Task brief
Each line of the data that includes "normal" must be copied.
-*-
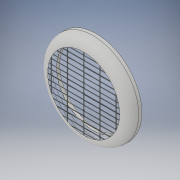
# Autodesk Inventor part: speakerGrill
Saved by Autodesk Inventor 2017 (Build 210142000, 142)
## iProperties
Created: 2018-08-03
Part Number: speakerGrill
Material: Generic
Document SubType Name: Modeling
Designer: Jake
Density: 1 g/cm^3
Appearance: Default
Author: Jake
Autodesk Inventor part; units mm, degrees
ref_plane "YZ Plane" through (0, 0, 0) normal (1, 0, 0) x (0, 1, 0)
ref_plane "XZ Plane" through (0, 0, 0) normal (0, 1, 0) x (-1, 0, 0)
ref_plane "XY Plane" through (0, 0, 0) normal (0, 0, 1) x (1, 0, 0)
sketch "Sketch1" plane through (0, 0, 0) normal (0, 0, 1) x (1, 0, 0)
  circle A0 centre (0, 0) radius 91.2813
  dimension "d0" = 182.5625
  constraints: 1 centre point, 1 coincident
  measures "d0" diameter of A0
extrude "Extrusion1" add sketch "Sketch1" along normal blind 25.4
fillet "Fillet1" radius 19.05 1 edges at (-91.2813, 0, 25.4)
shell "Shell1" thickness 17.78 removed faces 1 at (21.5393, 24.1816, 0)
body "Solid1"
-*-
Result
ref_plane "YZ Plane" through (0, 0, 0) normal (1, 0, 0) x (0, 1, 0)
ref_plane "XZ Plane" through (0, 0, 0) normal (0, 1, 0) x (-1, 0, 0)
ref_plane "XY Plane" through (0, 0, 0) normal (0, 0, 1) x (1, 0, 0)
sketch "Sketch1" plane through (0, 0, 0) normal (0, 0, 1) x (1, 0, 0)
extrude "Extrusion1" add sketch "Sketch1" along normal blind 25.4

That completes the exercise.